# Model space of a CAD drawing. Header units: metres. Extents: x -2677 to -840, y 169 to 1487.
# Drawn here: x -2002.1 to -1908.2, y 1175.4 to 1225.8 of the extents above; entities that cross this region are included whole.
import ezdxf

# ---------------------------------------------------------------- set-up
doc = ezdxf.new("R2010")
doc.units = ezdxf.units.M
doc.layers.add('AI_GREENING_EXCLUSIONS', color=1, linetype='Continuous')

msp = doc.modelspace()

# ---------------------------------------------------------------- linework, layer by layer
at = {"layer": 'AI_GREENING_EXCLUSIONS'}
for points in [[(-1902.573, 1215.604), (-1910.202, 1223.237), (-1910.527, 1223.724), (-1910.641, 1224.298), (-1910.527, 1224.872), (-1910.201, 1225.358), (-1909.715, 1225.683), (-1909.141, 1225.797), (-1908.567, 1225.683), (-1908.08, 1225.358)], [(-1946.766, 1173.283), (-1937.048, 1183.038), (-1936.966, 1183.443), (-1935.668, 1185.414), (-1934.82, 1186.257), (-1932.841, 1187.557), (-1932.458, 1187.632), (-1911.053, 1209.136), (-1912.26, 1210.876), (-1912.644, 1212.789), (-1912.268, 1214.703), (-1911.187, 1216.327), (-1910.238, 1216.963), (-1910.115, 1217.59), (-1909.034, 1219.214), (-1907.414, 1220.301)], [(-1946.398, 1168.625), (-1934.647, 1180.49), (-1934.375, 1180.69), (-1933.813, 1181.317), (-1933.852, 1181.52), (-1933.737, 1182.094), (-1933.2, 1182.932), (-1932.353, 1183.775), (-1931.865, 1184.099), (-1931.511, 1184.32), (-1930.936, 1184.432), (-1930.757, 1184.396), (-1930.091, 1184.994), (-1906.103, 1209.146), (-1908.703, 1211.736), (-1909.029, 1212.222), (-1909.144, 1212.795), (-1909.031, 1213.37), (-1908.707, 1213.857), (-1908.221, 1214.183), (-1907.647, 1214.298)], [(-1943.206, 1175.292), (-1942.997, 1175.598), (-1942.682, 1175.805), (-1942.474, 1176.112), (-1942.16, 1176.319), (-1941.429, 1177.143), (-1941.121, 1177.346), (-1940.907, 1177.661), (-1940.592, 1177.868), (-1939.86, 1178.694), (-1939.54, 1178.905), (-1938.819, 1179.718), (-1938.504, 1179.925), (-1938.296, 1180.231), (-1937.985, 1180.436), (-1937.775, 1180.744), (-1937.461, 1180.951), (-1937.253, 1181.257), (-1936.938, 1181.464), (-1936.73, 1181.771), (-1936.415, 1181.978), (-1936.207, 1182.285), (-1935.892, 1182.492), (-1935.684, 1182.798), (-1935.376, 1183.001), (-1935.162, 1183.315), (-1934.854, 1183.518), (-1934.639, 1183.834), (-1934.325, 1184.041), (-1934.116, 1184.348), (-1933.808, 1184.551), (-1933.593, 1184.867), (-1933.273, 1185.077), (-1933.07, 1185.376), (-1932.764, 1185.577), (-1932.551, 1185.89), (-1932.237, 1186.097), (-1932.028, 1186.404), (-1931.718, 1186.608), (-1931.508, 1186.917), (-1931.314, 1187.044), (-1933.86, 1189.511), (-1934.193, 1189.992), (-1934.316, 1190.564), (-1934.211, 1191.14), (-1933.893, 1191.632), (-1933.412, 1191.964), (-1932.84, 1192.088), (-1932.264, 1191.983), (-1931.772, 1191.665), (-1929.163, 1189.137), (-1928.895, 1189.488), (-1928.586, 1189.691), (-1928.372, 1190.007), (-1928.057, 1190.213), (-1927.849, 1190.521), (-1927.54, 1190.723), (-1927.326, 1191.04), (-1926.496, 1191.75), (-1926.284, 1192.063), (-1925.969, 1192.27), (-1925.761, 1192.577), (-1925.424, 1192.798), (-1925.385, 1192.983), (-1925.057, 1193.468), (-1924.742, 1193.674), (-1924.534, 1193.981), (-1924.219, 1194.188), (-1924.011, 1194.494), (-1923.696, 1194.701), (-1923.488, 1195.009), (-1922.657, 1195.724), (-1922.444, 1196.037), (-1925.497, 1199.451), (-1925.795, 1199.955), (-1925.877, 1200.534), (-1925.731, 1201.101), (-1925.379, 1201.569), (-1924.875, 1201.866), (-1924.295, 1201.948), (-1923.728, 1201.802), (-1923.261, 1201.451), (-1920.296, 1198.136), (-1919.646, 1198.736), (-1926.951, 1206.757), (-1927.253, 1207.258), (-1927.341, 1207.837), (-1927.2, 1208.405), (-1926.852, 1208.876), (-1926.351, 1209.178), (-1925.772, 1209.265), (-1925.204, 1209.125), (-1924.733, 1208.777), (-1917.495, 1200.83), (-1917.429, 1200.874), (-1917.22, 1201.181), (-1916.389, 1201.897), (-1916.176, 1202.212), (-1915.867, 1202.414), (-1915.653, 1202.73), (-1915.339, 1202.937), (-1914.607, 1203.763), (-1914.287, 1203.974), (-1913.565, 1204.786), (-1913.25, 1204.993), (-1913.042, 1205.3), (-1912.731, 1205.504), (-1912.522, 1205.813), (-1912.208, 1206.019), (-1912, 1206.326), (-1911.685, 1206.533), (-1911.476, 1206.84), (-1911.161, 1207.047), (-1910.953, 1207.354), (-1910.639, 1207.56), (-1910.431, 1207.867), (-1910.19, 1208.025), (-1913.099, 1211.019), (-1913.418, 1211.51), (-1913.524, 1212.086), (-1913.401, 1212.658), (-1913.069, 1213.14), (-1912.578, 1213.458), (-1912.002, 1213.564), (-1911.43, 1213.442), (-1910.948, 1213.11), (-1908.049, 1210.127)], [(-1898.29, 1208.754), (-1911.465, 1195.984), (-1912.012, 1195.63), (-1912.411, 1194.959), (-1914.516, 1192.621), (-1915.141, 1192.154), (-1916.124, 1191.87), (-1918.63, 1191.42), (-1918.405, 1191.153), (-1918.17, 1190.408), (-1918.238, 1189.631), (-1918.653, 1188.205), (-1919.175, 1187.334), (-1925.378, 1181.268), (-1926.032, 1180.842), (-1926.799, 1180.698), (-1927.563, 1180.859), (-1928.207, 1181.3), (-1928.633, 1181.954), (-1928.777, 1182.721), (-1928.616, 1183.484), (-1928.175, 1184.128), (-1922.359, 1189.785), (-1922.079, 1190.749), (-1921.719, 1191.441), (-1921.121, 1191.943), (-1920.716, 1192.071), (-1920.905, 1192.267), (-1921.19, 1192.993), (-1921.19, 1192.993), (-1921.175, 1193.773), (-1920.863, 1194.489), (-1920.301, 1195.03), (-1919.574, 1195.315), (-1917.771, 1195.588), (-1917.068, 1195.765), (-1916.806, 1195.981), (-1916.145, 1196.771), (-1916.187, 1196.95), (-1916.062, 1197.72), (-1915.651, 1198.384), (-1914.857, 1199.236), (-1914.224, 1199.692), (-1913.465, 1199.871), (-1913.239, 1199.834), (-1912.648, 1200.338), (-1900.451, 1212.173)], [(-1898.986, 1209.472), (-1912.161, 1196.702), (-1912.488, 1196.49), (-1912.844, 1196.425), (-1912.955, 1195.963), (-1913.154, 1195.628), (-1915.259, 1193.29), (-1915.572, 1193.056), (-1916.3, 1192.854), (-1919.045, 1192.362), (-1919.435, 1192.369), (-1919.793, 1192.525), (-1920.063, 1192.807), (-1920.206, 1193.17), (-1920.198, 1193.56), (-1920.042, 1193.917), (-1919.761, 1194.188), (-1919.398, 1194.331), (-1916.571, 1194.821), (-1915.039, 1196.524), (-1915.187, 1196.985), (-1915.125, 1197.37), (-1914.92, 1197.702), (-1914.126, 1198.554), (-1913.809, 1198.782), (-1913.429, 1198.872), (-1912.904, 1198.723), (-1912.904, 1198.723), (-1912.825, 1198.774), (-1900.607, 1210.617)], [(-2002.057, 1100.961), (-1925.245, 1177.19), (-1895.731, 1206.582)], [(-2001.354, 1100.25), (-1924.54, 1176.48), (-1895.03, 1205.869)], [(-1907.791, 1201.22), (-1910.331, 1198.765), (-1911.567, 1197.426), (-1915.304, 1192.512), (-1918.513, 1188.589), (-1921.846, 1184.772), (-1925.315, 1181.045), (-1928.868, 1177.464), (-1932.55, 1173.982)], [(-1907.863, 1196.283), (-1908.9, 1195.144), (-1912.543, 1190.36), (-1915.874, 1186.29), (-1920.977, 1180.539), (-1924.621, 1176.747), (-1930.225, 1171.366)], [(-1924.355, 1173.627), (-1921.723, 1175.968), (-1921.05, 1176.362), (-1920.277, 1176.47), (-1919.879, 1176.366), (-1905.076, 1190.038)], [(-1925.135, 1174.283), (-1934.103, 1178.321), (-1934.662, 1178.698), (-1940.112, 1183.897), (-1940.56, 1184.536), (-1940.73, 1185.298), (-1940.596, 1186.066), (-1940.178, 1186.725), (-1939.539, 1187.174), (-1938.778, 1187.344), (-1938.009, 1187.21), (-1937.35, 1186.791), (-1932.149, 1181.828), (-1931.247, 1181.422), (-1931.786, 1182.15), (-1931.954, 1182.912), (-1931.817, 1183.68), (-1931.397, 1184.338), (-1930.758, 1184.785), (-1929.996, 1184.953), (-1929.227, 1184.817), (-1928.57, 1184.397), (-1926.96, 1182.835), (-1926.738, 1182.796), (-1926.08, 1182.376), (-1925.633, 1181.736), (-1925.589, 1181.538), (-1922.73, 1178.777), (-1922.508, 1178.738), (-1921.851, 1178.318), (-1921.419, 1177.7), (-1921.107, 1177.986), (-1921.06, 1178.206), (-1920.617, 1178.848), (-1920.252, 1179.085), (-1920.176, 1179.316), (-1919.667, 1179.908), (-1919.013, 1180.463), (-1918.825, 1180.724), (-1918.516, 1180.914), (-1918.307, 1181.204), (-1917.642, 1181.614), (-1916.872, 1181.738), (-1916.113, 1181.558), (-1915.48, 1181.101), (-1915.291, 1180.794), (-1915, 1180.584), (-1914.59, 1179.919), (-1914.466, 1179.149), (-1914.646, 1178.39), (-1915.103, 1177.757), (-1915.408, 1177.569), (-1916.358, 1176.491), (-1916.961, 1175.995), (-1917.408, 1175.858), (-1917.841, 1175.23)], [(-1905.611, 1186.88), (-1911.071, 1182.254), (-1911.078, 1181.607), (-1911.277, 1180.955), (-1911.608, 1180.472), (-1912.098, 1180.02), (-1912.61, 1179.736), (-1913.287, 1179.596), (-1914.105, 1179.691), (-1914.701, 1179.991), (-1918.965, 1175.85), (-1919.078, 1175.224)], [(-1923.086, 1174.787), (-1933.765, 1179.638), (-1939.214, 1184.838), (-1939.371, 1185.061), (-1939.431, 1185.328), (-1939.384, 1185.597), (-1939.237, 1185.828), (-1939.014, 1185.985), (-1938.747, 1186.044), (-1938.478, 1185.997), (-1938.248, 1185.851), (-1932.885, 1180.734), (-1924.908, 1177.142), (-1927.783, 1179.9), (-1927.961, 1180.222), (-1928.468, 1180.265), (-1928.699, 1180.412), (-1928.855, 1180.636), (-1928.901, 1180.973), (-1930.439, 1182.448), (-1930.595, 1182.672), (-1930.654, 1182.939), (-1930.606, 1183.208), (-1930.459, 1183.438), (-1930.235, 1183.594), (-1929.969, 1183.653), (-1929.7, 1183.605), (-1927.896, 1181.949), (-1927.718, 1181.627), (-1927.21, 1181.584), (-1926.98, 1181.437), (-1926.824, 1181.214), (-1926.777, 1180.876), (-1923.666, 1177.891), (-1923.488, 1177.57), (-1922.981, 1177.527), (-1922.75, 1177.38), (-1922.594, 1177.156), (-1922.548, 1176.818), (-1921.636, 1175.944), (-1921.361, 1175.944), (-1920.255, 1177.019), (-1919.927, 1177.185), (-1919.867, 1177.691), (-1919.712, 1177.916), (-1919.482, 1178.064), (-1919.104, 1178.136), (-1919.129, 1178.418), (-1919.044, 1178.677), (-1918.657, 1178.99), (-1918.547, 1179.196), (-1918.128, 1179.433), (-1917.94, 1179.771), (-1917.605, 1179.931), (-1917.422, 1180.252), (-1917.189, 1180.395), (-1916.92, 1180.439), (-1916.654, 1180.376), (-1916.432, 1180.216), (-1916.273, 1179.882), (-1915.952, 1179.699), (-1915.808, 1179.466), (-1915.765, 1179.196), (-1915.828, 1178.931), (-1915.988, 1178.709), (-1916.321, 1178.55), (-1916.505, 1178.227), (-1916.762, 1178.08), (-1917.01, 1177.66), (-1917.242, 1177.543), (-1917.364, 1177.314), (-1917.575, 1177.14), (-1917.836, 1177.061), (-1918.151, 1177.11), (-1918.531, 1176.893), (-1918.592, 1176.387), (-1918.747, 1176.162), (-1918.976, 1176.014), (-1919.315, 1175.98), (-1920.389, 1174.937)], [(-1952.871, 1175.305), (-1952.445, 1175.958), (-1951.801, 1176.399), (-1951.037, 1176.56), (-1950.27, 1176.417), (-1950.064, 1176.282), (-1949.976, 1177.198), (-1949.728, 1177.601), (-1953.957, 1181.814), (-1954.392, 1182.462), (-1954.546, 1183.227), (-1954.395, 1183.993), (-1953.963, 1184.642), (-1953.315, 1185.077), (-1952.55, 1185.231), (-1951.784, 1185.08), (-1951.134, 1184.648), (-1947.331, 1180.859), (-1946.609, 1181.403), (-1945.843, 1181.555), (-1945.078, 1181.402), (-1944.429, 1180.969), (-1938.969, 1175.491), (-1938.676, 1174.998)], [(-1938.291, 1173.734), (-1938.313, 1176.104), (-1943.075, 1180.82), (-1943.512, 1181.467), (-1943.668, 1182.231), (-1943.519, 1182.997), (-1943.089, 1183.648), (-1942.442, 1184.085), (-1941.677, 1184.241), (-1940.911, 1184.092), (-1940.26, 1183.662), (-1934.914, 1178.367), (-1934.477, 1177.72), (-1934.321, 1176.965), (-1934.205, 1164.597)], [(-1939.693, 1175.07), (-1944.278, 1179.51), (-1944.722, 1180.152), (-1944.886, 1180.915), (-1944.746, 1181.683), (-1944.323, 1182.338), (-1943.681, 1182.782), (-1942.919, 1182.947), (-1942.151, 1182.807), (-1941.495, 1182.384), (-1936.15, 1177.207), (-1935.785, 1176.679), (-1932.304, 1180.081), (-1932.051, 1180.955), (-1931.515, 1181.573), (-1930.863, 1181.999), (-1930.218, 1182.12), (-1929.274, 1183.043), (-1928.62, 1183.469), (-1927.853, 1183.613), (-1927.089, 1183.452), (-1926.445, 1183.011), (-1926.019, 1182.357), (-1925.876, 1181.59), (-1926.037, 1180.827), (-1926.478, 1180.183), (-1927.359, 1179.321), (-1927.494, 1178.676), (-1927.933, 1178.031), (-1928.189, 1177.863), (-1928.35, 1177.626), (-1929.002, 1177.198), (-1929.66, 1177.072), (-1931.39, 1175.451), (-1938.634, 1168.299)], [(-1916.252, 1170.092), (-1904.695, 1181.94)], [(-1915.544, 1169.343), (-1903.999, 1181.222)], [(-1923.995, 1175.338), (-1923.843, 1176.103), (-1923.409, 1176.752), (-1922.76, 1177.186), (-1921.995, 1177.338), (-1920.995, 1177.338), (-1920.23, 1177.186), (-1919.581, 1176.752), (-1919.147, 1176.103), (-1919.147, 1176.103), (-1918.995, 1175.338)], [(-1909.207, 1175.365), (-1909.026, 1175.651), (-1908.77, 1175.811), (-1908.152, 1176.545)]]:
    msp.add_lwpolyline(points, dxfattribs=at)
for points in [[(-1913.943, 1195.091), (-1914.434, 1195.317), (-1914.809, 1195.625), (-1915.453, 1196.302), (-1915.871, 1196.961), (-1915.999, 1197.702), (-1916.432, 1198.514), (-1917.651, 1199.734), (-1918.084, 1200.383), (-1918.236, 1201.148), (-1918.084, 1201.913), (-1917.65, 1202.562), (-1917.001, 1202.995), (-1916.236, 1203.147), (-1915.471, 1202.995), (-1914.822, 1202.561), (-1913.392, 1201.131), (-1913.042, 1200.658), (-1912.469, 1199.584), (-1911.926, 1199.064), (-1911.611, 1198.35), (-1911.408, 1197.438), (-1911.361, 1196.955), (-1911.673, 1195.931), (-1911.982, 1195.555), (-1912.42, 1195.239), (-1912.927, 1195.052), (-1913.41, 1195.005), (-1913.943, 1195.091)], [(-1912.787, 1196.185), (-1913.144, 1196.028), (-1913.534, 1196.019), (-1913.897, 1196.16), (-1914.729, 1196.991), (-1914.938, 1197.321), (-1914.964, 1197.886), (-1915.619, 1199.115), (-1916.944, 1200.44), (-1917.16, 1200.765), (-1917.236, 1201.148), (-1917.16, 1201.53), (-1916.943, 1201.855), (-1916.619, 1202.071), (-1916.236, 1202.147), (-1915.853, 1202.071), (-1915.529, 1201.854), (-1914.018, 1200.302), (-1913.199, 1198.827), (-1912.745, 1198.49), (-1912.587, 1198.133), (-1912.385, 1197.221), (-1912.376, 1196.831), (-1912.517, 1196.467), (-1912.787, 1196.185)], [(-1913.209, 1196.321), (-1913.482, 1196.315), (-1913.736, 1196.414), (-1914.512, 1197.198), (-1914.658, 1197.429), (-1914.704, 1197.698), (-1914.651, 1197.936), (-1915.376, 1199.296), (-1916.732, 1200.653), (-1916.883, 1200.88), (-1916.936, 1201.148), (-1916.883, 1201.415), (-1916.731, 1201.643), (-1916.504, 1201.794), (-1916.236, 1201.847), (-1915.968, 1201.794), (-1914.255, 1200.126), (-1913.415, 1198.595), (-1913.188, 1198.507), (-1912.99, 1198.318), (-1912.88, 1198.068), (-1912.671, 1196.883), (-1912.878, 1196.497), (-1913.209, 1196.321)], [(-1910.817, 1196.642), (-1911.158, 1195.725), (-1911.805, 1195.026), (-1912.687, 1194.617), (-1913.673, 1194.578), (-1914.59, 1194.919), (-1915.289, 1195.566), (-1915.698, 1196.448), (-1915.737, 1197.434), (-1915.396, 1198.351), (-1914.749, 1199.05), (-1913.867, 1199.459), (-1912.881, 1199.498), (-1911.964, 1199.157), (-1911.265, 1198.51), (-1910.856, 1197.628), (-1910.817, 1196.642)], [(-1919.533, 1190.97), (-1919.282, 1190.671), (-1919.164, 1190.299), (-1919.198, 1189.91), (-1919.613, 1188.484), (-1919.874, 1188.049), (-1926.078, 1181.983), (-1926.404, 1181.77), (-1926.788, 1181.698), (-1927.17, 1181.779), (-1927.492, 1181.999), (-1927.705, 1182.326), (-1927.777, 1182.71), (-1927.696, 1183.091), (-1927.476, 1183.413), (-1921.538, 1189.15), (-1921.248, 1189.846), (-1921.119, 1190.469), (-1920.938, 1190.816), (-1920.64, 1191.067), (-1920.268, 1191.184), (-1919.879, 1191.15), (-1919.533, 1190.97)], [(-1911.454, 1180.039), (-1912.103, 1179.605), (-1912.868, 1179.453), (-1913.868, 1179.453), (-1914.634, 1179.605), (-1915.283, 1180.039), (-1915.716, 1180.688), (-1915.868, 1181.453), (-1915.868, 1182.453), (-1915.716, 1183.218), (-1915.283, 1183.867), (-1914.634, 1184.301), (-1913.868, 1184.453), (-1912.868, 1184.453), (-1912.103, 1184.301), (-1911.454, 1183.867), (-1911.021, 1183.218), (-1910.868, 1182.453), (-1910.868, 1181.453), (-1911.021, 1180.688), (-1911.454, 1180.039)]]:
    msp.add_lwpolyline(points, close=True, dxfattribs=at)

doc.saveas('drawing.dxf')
▬▬▬
A lone number is the expected answer: the count of lines in these entries holding the string "units".

2